Obama rolls out another budget the Senate won’t pass

As expected, President Barack Obama rolled out his budget proposal for FY 2013, which, as we noted yesterday, comes with a $1.33 trillion budget deficit. As you can imagine, there is a lot to parse through it the proposal, which has been all but declared dead-on-arrival in Congress.

Some of the budget proposals are familiar. President Obama is once again pushing tax hikes on individuals earning more than $250,000 — more than the millionaires and billionaires he so frequently targets. James Pethokoukis has a run down of the tax hikes in the budget:

Obama’s new budget isn’t about economic growth or cutting debt or creating a “built to last” economy. The Obama campaign is built around the idea of reducing inequality. So in his budget, Obama takes the populist whip to the wealthy and to business:

1. The top income rate would be raised to 39.6 percent vs. 35 percent today.

2. Under the “Buffett rule,” no household making over $1 million annually would pay less than 30 percent of their income in taxes.

3. Between now the end of a second Obama term, Obama proposes $707 billion in “net deficit reduction proposals.” Of that amount, only 16 percent is spending cuts.

4. The majority of small business profits would be taxed at 39.6 percent vs. 35 percent today.

5. The capital gains rate would rise to 25.0 percent (including the Obamacare surtax and deduction phase out) from 15 percent today.

6. The double-tax on corporate profits (including dividends) would increase to 64 percent based on the statutory corporate tax rate (58 percent using the effective tax rate), easily the highest among advanced economies.

7. The double tax on corporate profits (including capital gains) would increase to 51 percent (44 percent using the effective tax rate), also among the highest among advanced economies.

All in all, Obama has proposed some $1.6 trillion in new taxes over ten years, taking tax revenue as a share of GDP to 20.1 percent in 2022 vs. a historical average of 18 percent. And despite all those new taxes, Obama’s plan would still add $6.7 trillion in new debt and make no progress in lowering the nation’s total debt levels as a share of output. The debt-to-GDP ratio is predicted to be 74.2 percent this year and 76.5 percent in 2022.

Pethokoukis also notes that spending in Obama’s budget never dips below 22% of gross domestic product (GDP), above the post-World War II average of 20% we’d seen before the spending explosion in 2008.

Veronique de Rugy finds that Obama’s promise to find $4 trillion in deficit reduction to be phony as there will be $46.9 trillion in spending over the next decade, but only $2.5 trillion in spending cuts. The remaining $1.5 trillion in deficit reduction will come in the form of higher taxes. Perhaps the biggest point that De Rugy raises is the $7.9 trillion that will be added to the nation debt in the next 10 years. So much for a “new era of responsibility.”

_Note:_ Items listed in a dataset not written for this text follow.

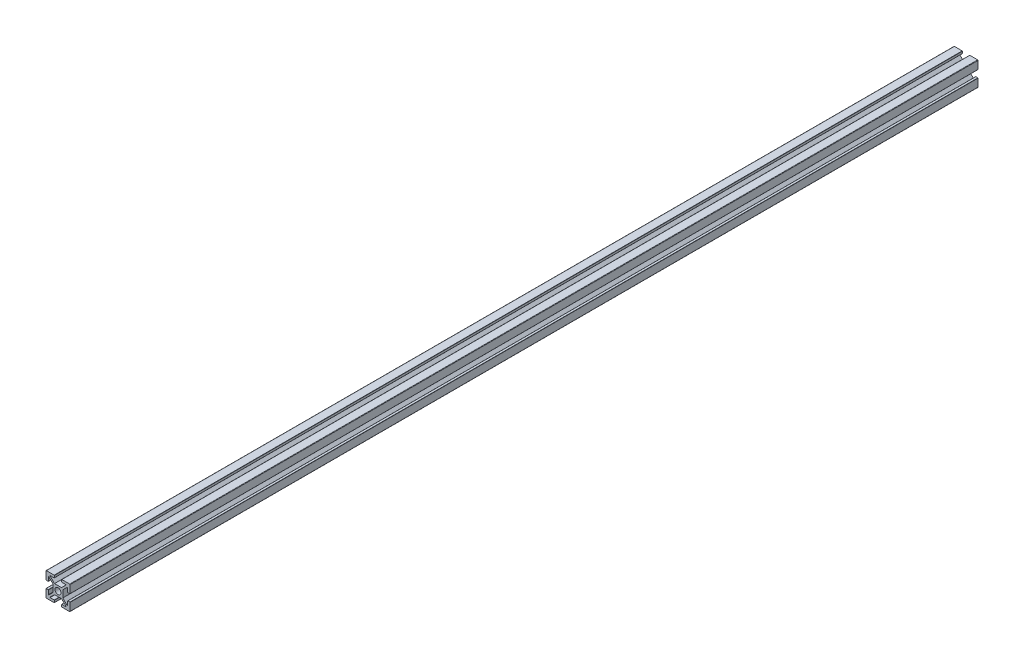
SolidWorks part; units mm, degrees
ref_plane "Front Plane" through (0, 0, 0) normal (0, 0, 1) x (1, 0, 0)
ref_plane "Top Plane" through (0, 0, 0) normal (0, 1, 0) x (1, 0, 0)
ref_plane "Right Plane" through (0, 0, 0) normal (1, 0, 0) x (0, 0, -1)
sketch "Sketch1" plane through (0, 0, 0) normal (0, 0, 1) x (1, 0, 0)
  line L0 (-31.3764, -0.0618) -> (-29.6764, -0.0618)
  line L1 (-24.6764, 6.9382) -> (-31.1764, 6.9382)
  line L2 (-31.5264, 0.0882) -> (-31.5264, 6.5882)
  line L3 (-18.5469, 0.9382) -> (-24.4133, 0.9382)
  line L4 (-25.4801, -6.0072) -> (-25.4801, -0.1164)
  line L5 (-29.5264, 0.0882) -> (-29.5264, 3.5244)
  line L6 (-28.0945, 4.9382) -> (-24.6764, 4.9382)
  line L7 (-24.5264, 5.0882) -> (-24.5264, 6.7882)
  line L8 (-29.5264, 4.9382) -> (-25.4801, 0.9382) construction
  line L9 (-29.271, 3.631) -> (-25.4801, -0.1164)
  line L10 (-28.1999, 4.6815) -> (-24.4133, 0.9382)
  line L11 (-13.4338, 4.9382) -> (-17.4801, 0.9382) construction
  line L12 (-21.4801, -3.0618) -> (-21.4801, 8.6268) construction
  line L13 (-21.4801, -3.0618) -> (-36.4642, -3.0618) construction
  line L14 (-14.7603, 4.6815) -> (-18.5469, 0.9382)
  line L15 (-13.6893, 3.631) -> (-17.4801, -0.1164)
  line L16 (-18.4338, 5.0882) -> (-18.4338, 6.7882)
  line L17 (-14.8657, 4.9382) -> (-18.2838, 4.9382)
  line L18 (-13.4338, 0.0882) -> (-13.4338, 3.5244)
  line L19 (-17.4801, -6.0072) -> (-17.4801, -0.1164)
  line L20 (-11.4338, 0.0882) -> (-11.4338, 6.5882)
  line L21 (-18.2838, 6.9382) -> (-11.7838, 6.9382)
  line L22 (-11.5838, -0.0618) -> (-13.2838, -0.0618)
  line L23 (-13.4338, -11.0618) -> (-17.4801, -7.0618) construction
  line L24 (-29.5264, -11.0618) -> (-25.4801, -7.0618) construction
  line L25 (-11.5838, -6.0618) -> (-13.2838, -6.0618)
  line L26 (-18.2838, -13.0618) -> (-11.7838, -13.0618)
  line L27 (-11.4338, -6.2118) -> (-11.4338, -12.7118)
  line L28 (-13.4338, -6.2118) -> (-13.4338, -9.648)
  line L29 (-14.8657, -11.0618) -> (-18.2838, -11.0618)
  line L30 (-18.4338, -11.2118) -> (-18.4338, -12.9118)
  line L31 (-13.6893, -9.7547) -> (-17.4801, -6.0072)
  line L32 (-14.7603, -10.8051) -> (-18.5469, -7.0618)
  line L33 (-28.1999, -10.8051) -> (-24.4133, -7.0618)
  line L34 (-29.271, -9.7547) -> (-25.4801, -6.0072)
  line L35 (-24.5264, -11.2118) -> (-24.5264, -12.9118)
  line L36 (-28.0945, -11.0618) -> (-24.6764, -11.0618)
  line L37 (-29.5264, -6.2118) -> (-29.5264, -9.648)
  line L38 (-18.5469, -7.0618) -> (-24.4133, -7.0618)
  line L39 (-31.5264, -6.2118) -> (-31.5264, -12.7118)
  line L40 (-24.6764, -13.0618) -> (-31.1764, -13.0618)
  line L41 (-31.3764, -6.0618) -> (-29.6764, -6.0618)
  circle A0 centre (-21.4801, -3.0618) radius 2.5
  arc A1 (-31.5264, 6.5882) -> (-31.1764, 6.9382) centre (-31.1764, 6.5882) cw
  arc A2 (-31.3764, -0.0618) -> (-31.5264, 0.0882) centre (-31.3764, 0.0882) cw
  arc A3 (-29.6764, -0.0618) -> (-29.5264, 0.0882) centre (-29.6764, 0.0882) ccw
  arc A4 (-24.6764, 6.9382) -> (-24.5264, 6.7882) centre (-24.6764, 6.7882) cw
  arc A5 (-24.6764, 4.9382) -> (-24.5264, 5.0882) centre (-24.6764, 5.0882) ccw
  arc A6 (-28.1999, 4.6815) -> (-28.0945, 4.9382) centre (-28.0945, 4.7882) cw
  arc A7 (-29.271, 3.631) -> (-29.5264, 3.5244) centre (-29.3764, 3.5244) ccw
  arc A8 (-13.6893, 3.631) -> (-13.4338, 3.5244) centre (-13.5838, 3.5244) cw
  arc A9 (-14.7603, 4.6815) -> (-14.8657, 4.9382) centre (-14.8657, 4.7882) ccw
  arc A10 (-18.2838, 4.9382) -> (-18.4338, 5.0882) centre (-18.2838, 5.0882) cw
  arc A11 (-18.2838, 6.9382) -> (-18.4338, 6.7882) centre (-18.2838, 6.7882) ccw
  arc A12 (-13.2838, -0.0618) -> (-13.4338, 0.0882) centre (-13.2838, 0.0882) cw
  arc A13 (-11.5838, -0.0618) -> (-11.4338, 0.0882) centre (-11.5838, 0.0882) ccw
  arc A14 (-11.4338, 6.5882) -> (-11.7838, 6.9382) centre (-11.7838, 6.5882) ccw
  arc A15 (-11.4338, -12.7118) -> (-11.7838, -13.0618) centre (-11.7838, -12.7118) cw
  arc A16 (-11.5838, -6.0618) -> (-11.4338, -6.2118) centre (-11.5838, -6.2118) cw
  arc A17 (-13.2838, -6.0618) -> (-13.4338, -6.2118) centre (-13.2838, -6.2118) ccw
  arc A18 (-18.2838, -13.0618) -> (-18.4338, -12.9118) centre (-18.2838, -12.9118) cw
  arc A19 (-18.2838, -11.0618) -> (-18.4338, -11.2118) centre (-18.2838, -11.2118) ccw
  arc A20 (-14.7603, -10.8051) -> (-14.8657, -11.0618) centre (-14.8657, -10.9118) cw
  arc A21 (-13.6893, -9.7547) -> (-13.4338, -9.648) centre (-13.5838, -9.648) ccw
  arc A22 (-29.271, -9.7547) -> (-29.5264, -9.648) centre (-29.3764, -9.648) cw
  arc A23 (-28.1999, -10.8051) -> (-28.0945, -11.0618) centre (-28.0945, -10.9118) ccw
  arc A24 (-24.6764, -11.0618) -> (-24.5264, -11.2118) centre (-24.6764, -11.2118) cw
  arc A25 (-24.6764, -13.0618) -> (-24.5264, -12.9118) centre (-24.6764, -12.9118) ccw
  arc A26 (-29.6764, -6.0618) -> (-29.5264, -6.2118) centre (-29.6764, -6.2118) cw
  arc A27 (-31.3764, -6.0618) -> (-31.5264, -6.2118) centre (-31.3764, -6.2118) ccw
  arc A28 (-31.5264, -12.7118) -> (-31.1764, -13.0618) centre (-31.1764, -12.7118) ccw
  point P27 (-18.4338, 4.9382)
  point P28 (-11.4338, -13.0618)
  point P47 (-17.4801, -3.0618)
  point P57 (-21.4801, 0.9382)
  point P59 (-18.4338, 6.9382)
  point P60 (-13.4338, -0.0618)
  point P61 (-11.4338, -0.0618)
  point P62 (-11.4338, 6.9382)
  point P112 (-25.4801, -3.0618)
  point P113 (-11.4338, -6.0618)
  point P114 (-13.4338, -6.0618)
  point P115 (-18.4338, -13.0618)
  point P116 (-21.4801, -7.0618)
  point P117 (-24.5264, -11.0618)
  point P118 (-24.5264, -13.0618)
  point P119 (-29.5264, -6.0618)
  point P120 (-18.4338, -11.0618)
  point P121 (-31.5264, -6.0618)
  point P122 (-31.5264, -13.0618)
  dimension "D3" = 0.35
  dimension "D4" = 0.15
  dimension "D5" = 0.15
  dimension "D6" = 0.15
  dimension "D7" = 0.15
  dimension "D8" = 0.15
  dimension "D9" = 0.15
  dimension "D1" = 0.75
  dimension "D2" = 0.75
extrude "Boss-Extrude1" add sketch "Sketch1" along normal blind 760
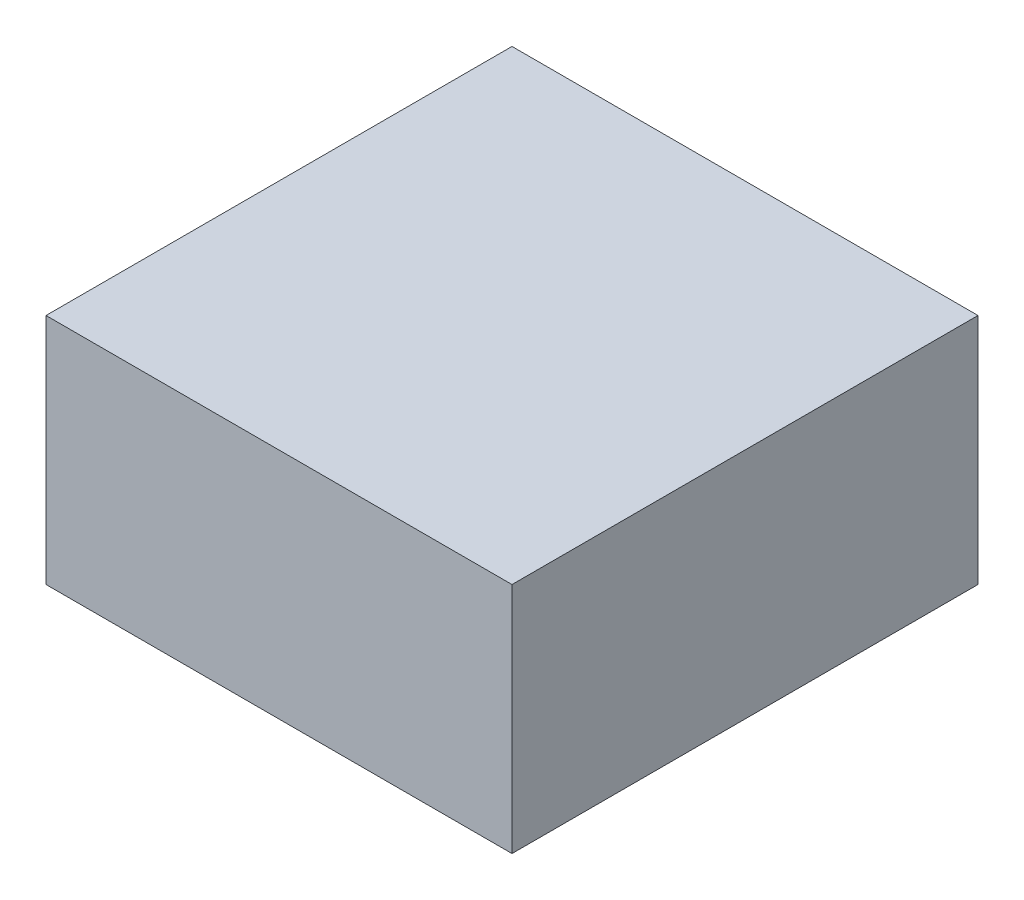
SolidWorks part; units mm, degrees
ref_plane "Front Plane" through (0, 0, 0) normal (0, 0, 1) x (1, 0, 0)
ref_plane "Top Plane" through (0, 0, 0) normal (0, 1, 0) x (1, 0, 0)
ref_plane "Right Plane" through (0, 0, 0) normal (1, 0, 0) x (0, 0, -1)
sketch "Sketch1" plane through (0, 0, 0) normal (0, 0, 1) x (1, 0, 0)
  line L1 (0, 0) -> (3.048, 0)
  line L2 (0, 0) -> (0, 1.524)
  line L3 (0, 1.524) -> (3.048, 1.524)
  line L4 (3.048, 0) -> (3.048, 1.524)
  dimension "D1" = 3.048
  dimension "D2" = 1.524
extrude "Boss-Extrude1" add sketch "Sketch1" along normal blind 3.048
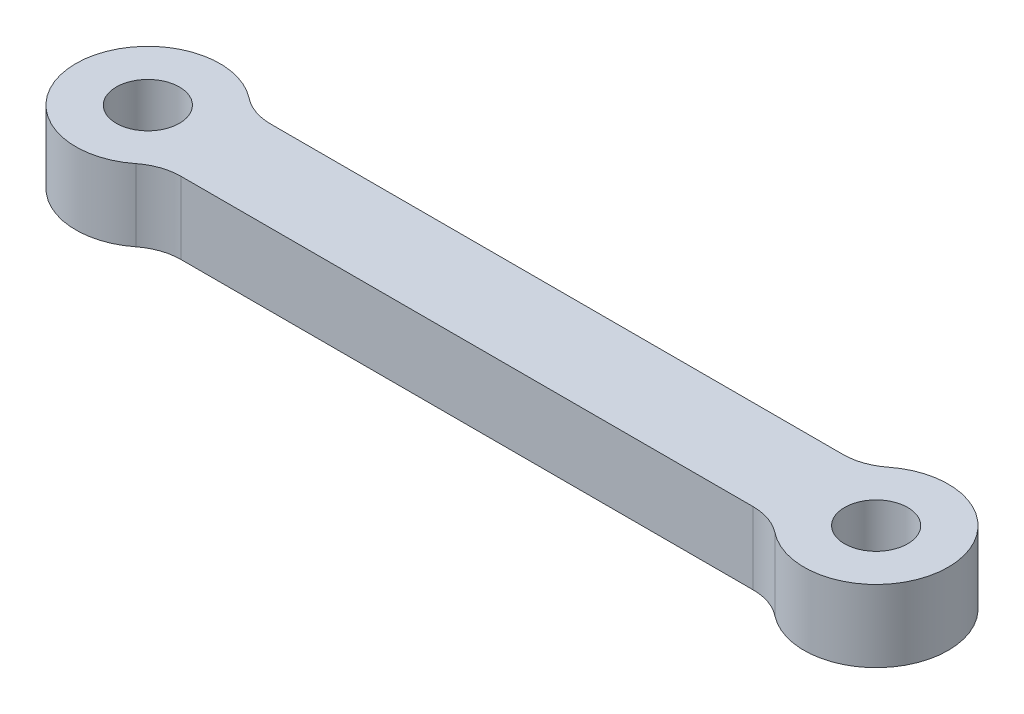
SolidWorks part; units mm, degrees
ref_plane "Front Plane" through (0, 0, 0) normal (0, 0, 1) x (1, 0, 0)
ref_plane "Top Plane" through (0, 0, 0) normal (0, 1, 0) x (1, 0, 0)
ref_plane "Right Plane" through (0, 0, 0) normal (1, 0, 0) x (0, 0, -1)
ref_plane "Plane1" through (0, 0, 0) normal (0, -1, 0) x (1, 0, 0)
sketch "Sketch1" plane through (0, 0, 0) normal (0, -1, 0) x (1, 0, 0)
  line L0 (36.0799, 2.5) -> (4.3301, 2.5)
  line L1 (4.3301, -2.5) -> (36.0799, -2.5)
  circle A0 centre (40.41, 0) radius 1.75
  circle A1 centre (0, 0) radius 1.75
  arc A2 (37.9356, 3.1429) -> (36.0799, 2.5) centre (36.0799, 5.5) cw
  arc A3 (4.3301, 2.5) -> (2.4744, 3.1429) centre (4.3301, 5.5) cw
  arc A4 (2.4744, 3.1429) -> (2.4744, -3.1429) centre (0, 0) ccw
  arc A5 (2.4744, -3.1429) -> (4.3301, -2.5) centre (4.3301, -5.5) cw
  arc A6 (36.0799, -2.5) -> (37.9356, -3.1429) centre (36.0799, -5.5) cw
  arc A7 (37.9356, -3.1429) -> (37.9356, 3.1429) centre (40.41, 0) ccw
  dimension "D1" = 3.5
  dimension "D2" = 3
  dimension "D3" = 4
  dimension "D4" = 2.4744
  dimension "D5" = 36.0799
extrude "Boss-Extrude1" add sketch "Sketch1" against normal blind 4

Another reason this budget is bad for taxpayers is because it will add to TARP bailout losses, recently reported to be $133 billion. Obama once punted on entitlements, which are the elephant in the room, leaving it for some future administration and Congress to handle.

Senate Minority Leader Mitch McConnell is apparently so sure that Senate Democrats will not support President Obama’s budget that he plans to introduce it himself. It wouldn’t be the first time he’s done so. McConnell forced a vote on President Obama’s FY 2012 budget back in May 2011, and the Senate subsequently voted unanimously against it.

So why even propose a budget? It’s an election year stunt by President Obama and his team, essentially acting on the plans for class warfare laid out in his State of the Union speech. Unfortunately, it’s just more of the same from Team Obama.